Flipped through the season eight comic in Forbidden Planet. (Including the issue with Buffy's mildly-infamous tryst.) Read like badfic. How the same writer produces this and Serenity I don't know.
Talking of bad Willow, this fanfic site does it much better than the series. A Perfectly Willowy Revenge is a bit of wicked fun, and so is The Trial of Willow Rosenberg.
Agreed.
by Byron:
Flipped through the season eight comic in Forbidden Planet. (Including the issue with Buffy's mildly-infamous tryst.) Read like badfic. How the same writer produces this and Serenity I don't know.
It was vaguely heatrtening to see some of the reactions to said tryst printed in the letters page of the latest issue, and for the editors to've at least included a few pointing out that this is completely at odds with anything we know about Buffy's character (including things that she's said herself), and suggesting that the writers go back to watching a few of the earlier TV episodes until they can remember how to write their own creations.
Don't get me wrong - I have no issue with it from any kind of moral or religious angle. But when it has no apparent connection to anything we know about the character and feels less like some sort of allegory of female liberation (although I've found that reasoning a little dodgy for a long time when it comes to BtVS) and more like somebody's cheap titilation badfic, I reserve the right to despair of some writers' opinions of the target demographic.
And we're getting Satsu and Kennedy (even in the TV series, Willow's rent-a-screw arm candy who has no other form of character to speak of) teaming up in the next issue, too. Anybody want to place bets on where that's going to go?

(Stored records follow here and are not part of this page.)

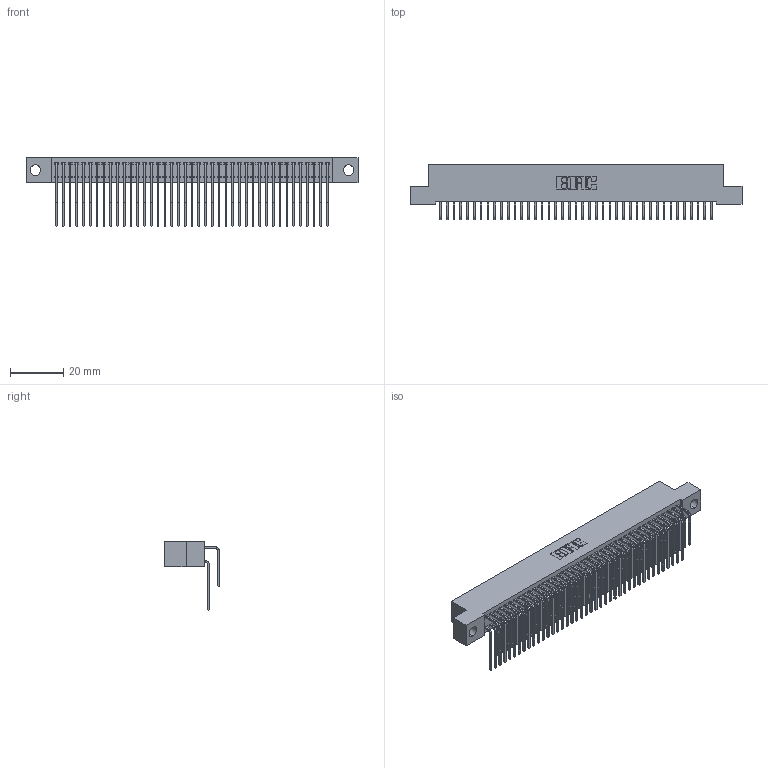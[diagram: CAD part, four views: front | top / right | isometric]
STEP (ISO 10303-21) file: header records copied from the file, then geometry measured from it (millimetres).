
FILE_DESCRIPTION (( 'STEP AP203' ), '1' );
FILE_NAME ('392-082-559-204.STEP', '2018-08-18T04:04:55', ( '' ), ( '' ), 'SwSTEP 2.0', 'SolidWorks 2016', '' );
FILE_SCHEMA (( 'CONFIG_CONTROL_DESIGN' ));
Length unit declared in the file: inch
Products named in the file (4): 392-082-559-204; 342 Part_.156 TH; 345-292-001_558 559 Tail - 1; 345-292-001_559 Tail - 2
Assembly tree (83 placements, depth 2):
  392-082-559-204
    342 Part_.156 TH
    345-292-001_558 559 Tail - 1  x41
    345-292-001_559 Tail - 2  x41
Bounding box: 124.46 x 20.64 x 25.78 mm (x, y, z)
Volume: 11564 mm3; surface area: 20762.7 mm2
Topology: 83 solids, 83 shells, 4538 faces, 13501 edges, 8890 vertices
Faces by surface type: plane 3182, cylinder 1356
Entity records: 28161 total; most frequent: CARTESIAN_POINT 4717, ORIENTED_EDGE 4602, DIRECTION 4013, EDGE_CURVE 2301, VECTOR 2133, LINE 2133, VERTEX_POINT 1530, AXIS2_PLACEMENT_3D 940
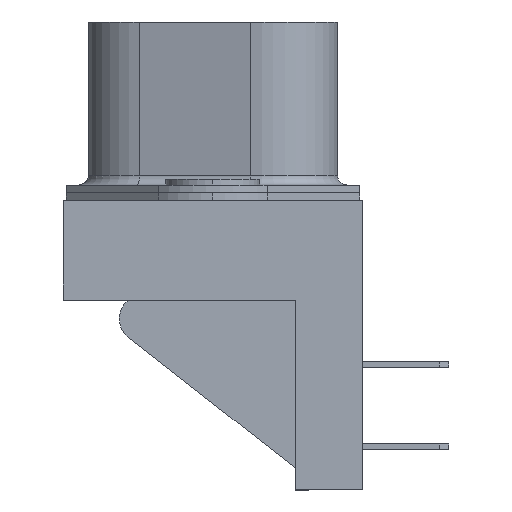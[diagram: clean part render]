
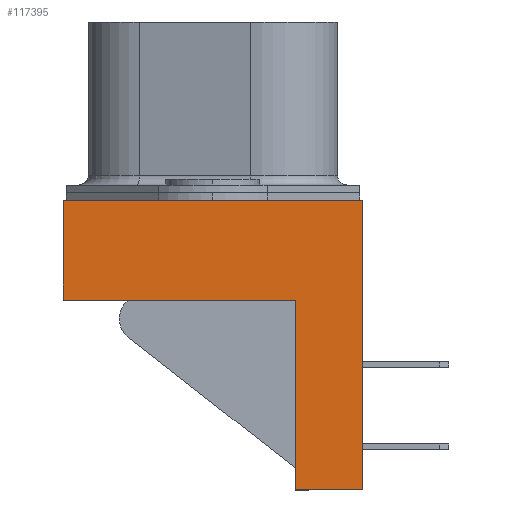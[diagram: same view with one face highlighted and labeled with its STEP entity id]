
A CAD part, left-side view. The second image highlights one B-rep face of the part: STEP entity #117395.
In plain terms, the highlighted planar face has unit normal (-1, 0, 0).
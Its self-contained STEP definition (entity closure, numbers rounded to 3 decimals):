
#947 = DIRECTION ( 'NONE',  ( 0., 1., 0. ) ) ;
#2810 = LINE ( 'NONE', #19798, #162527 ) ;
#3087 = LINE ( 'NONE', #110782, #103178 ) ;
#6078 = CARTESIAN_POINT ( 'NONE',  ( -4.125, -7.8, -15.1 ) ) ;
#10878 = VERTEX_POINT ( 'NONE', #6078 ) ;
#16602 = VECTOR ( 'NONE', #114238, 1000. ) ;
#18744 = DIRECTION ( 'NONE',  ( 0., -1., 0. ) ) ;
#19798 = CARTESIAN_POINT ( 'NONE',  ( -4.125, 7.8, -15.1 ) ) ;
#31669 = CARTESIAN_POINT ( 'NONE',  ( -4.125, -7.8, -15.1 ) ) ;
#33084 = LINE ( 'NONE', #100365, #84489 ) ;
#35066 = EDGE_CURVE ( 'NONE', #149476, #10878, #33084, .T. ) ;
#36148 = AXIS2_PLACEMENT_3D ( 'NONE', #147997, #109426, #95969 ) ;
#37686 = PLANE ( 'NONE',  #36148 ) ;
#49657 = ORIENTED_EDGE ( 'NONE', *, *, #78988, .F. ) ;
#51935 = ORIENTED_EDGE ( 'NONE', *, *, #35066, .T. ) ;
#53154 = VECTOR ( 'NONE', #146257, 1000. ) ;
#54673 = FACE_OUTER_BOUND ( 'NONE', #95850, .T. ) ;
#57499 = EDGE_CURVE ( 'NONE', #105740, #127492, #78999, .T. ) ;
#60365 = LINE ( 'NONE', #31669, #16602 ) ;
#61209 = VERTEX_POINT ( 'NONE', #68622 ) ;
#68622 = CARTESIAN_POINT ( 'NONE',  ( -4.125, -4.3, -5.2 ) ) ;
#71591 = ORIENTED_EDGE ( 'NONE', *, *, #57499, .F. ) ;
#72765 = CARTESIAN_POINT ( 'NONE',  ( -4.125, -7.8, 0. ) ) ;
#75439 = EDGE_CURVE ( 'NONE', #10878, #127492, #60365, .T. ) ;
#78988 = EDGE_CURVE ( 'NONE', #149476, #61209, #3087, .T. ) ;
#78999 = LINE ( 'NONE', #120278, #53154 ) ;
#83812 = DIRECTION ( 'NONE',  ( 0., 0., 1. ) ) ;
#84489 = VECTOR ( 'NONE', #18744, 1000. ) ;
#86367 = CARTESIAN_POINT ( 'NONE',  ( -4.125, 7.8, 0. ) ) ;
#94254 = LINE ( 'NONE', #176753, #170679 ) ;
#95850 = EDGE_LOOP ( 'NONE', ( #95919, #49657, #51935, #130684, #71591, #120553 ) ) ;
#95919 = ORIENTED_EDGE ( 'NONE', *, *, #170102, .F. ) ;
#95969 = DIRECTION ( 'NONE',  ( 0., -1., 0. ) ) ;
#100365 = CARTESIAN_POINT ( 'NONE',  ( -4.125, 7.8, -15.1 ) ) ;
#103178 = VECTOR ( 'NONE', #83812, 1000. ) ;
#105740 = VERTEX_POINT ( 'NONE', #86367 ) ;
#108643 = CARTESIAN_POINT ( 'NONE',  ( -4.125, 7.8, -5.2 ) ) ;
#109426 = DIRECTION ( 'NONE',  ( -1., 0., 0. ) ) ;
#110782 = CARTESIAN_POINT ( 'NONE',  ( -4.125, -4.3, -15.1 ) ) ;
#114238 = DIRECTION ( 'NONE',  ( 0., 0., 1. ) ) ;
#117395 = ADVANCED_FACE ( 'NONE', ( #54673 ), #37686, .T. ) ;
#120278 = CARTESIAN_POINT ( 'NONE',  ( -4.125, 7.8, 0. ) ) ;
#120553 = ORIENTED_EDGE ( 'NONE', *, *, #151979, .F. ) ;
#127492 = VERTEX_POINT ( 'NONE', #72765 ) ;
#130684 = ORIENTED_EDGE ( 'NONE', *, *, #75439, .T. ) ;
#141780 = DIRECTION ( 'NONE',  ( 0., 0., 1. ) ) ;
#146257 = DIRECTION ( 'NONE',  ( 0., -1., 0. ) ) ;
#147997 = CARTESIAN_POINT ( 'NONE',  ( -4.125, 7.8, -15.1 ) ) ;
#149476 = VERTEX_POINT ( 'NONE', #162245 ) ;
#151979 = EDGE_CURVE ( 'NONE', #174351, #105740, #2810, .T. ) ;
#162245 = CARTESIAN_POINT ( 'NONE',  ( -4.125, -4.3, -15.1 ) ) ;
#162527 = VECTOR ( 'NONE', #141780, 1000. ) ;
#170102 = EDGE_CURVE ( 'NONE', #61209, #174351, #94254, .T. ) ;
#170679 = VECTOR ( 'NONE', #947, 1000. ) ;
#174351 = VERTEX_POINT ( 'NONE', #108643 ) ;
#176753 = CARTESIAN_POINT ( 'NONE',  ( -4.125, 7.8, -5.2 ) ) ;

(Edited by Samanfur 12/05/2009 16:37)
Ditto. Ironically, Buffy and Satsu's titillation-o-gram was insulting to gay people; just like Willow and Kennedy's engineered relationship.
by Samanfur
(quotes)
Don't get me wrong - I have no issue with it from any kind of moral or religious angle.
I applaud the sensitive depiction, and trust we'll be seeing the male cast members follow in the near future.
I heard a lot of bad reaction from LGBT groups, too - particularly considering that the handling of Willow and Tara (a couple of characters in love who just happened to be lesbians) had actually involved character development and been comparatively sensitive.
Whedon seems to be very successfully alienating the very minority groups he alleged to be pitching to back in the day.
I less than eagerly await the rebalancing by Xander's random rebound decision to take the whole "manservant" thing to the next level, too.
Whedon seems to be very successfully alienating the very minority groups he alleged to be pitching to back in the day.
I less than eagerly await the rebalancing by Xander's random rebound decision to take the whole "manservant" thing to the next level, too.
I fear many were lost when poor old Tara met her physics-defying plot device, but any hopes Mr Whedon has of winning them back must be disappearing. If he decides to introduce Xander's little Xander to the comics, he'll chase everyone else off as well. Suppose it'd be a victory for equality!
by Samanfur
Whedon seems to be very successfully alienating the very minority groups he alleged to be pitching to back in the day.
As I said: all things are comparative.
by Byron
(quotes)
I fear many were lost when poor old Tara met her physics-defying plot device,
Indeed!
but any hopes Mr Whedon has of winning them back must be disappearing. If he decides to introduce Xander's little Xander to the comics, he'll chase everyone else off as well. Suppose it'd be a victory for equality!
At least he'd well and truly cement his reputation amongst any slash writers (most of whom seem to be female from what I can gather) who haven't already been put off by the fact that their gender got the treatment first.
Although given that he allegedly has more fanbase in the allegedly less slash-based UK fandom (or so I'm told by people who run with the Whedon fanbase), that's debatable.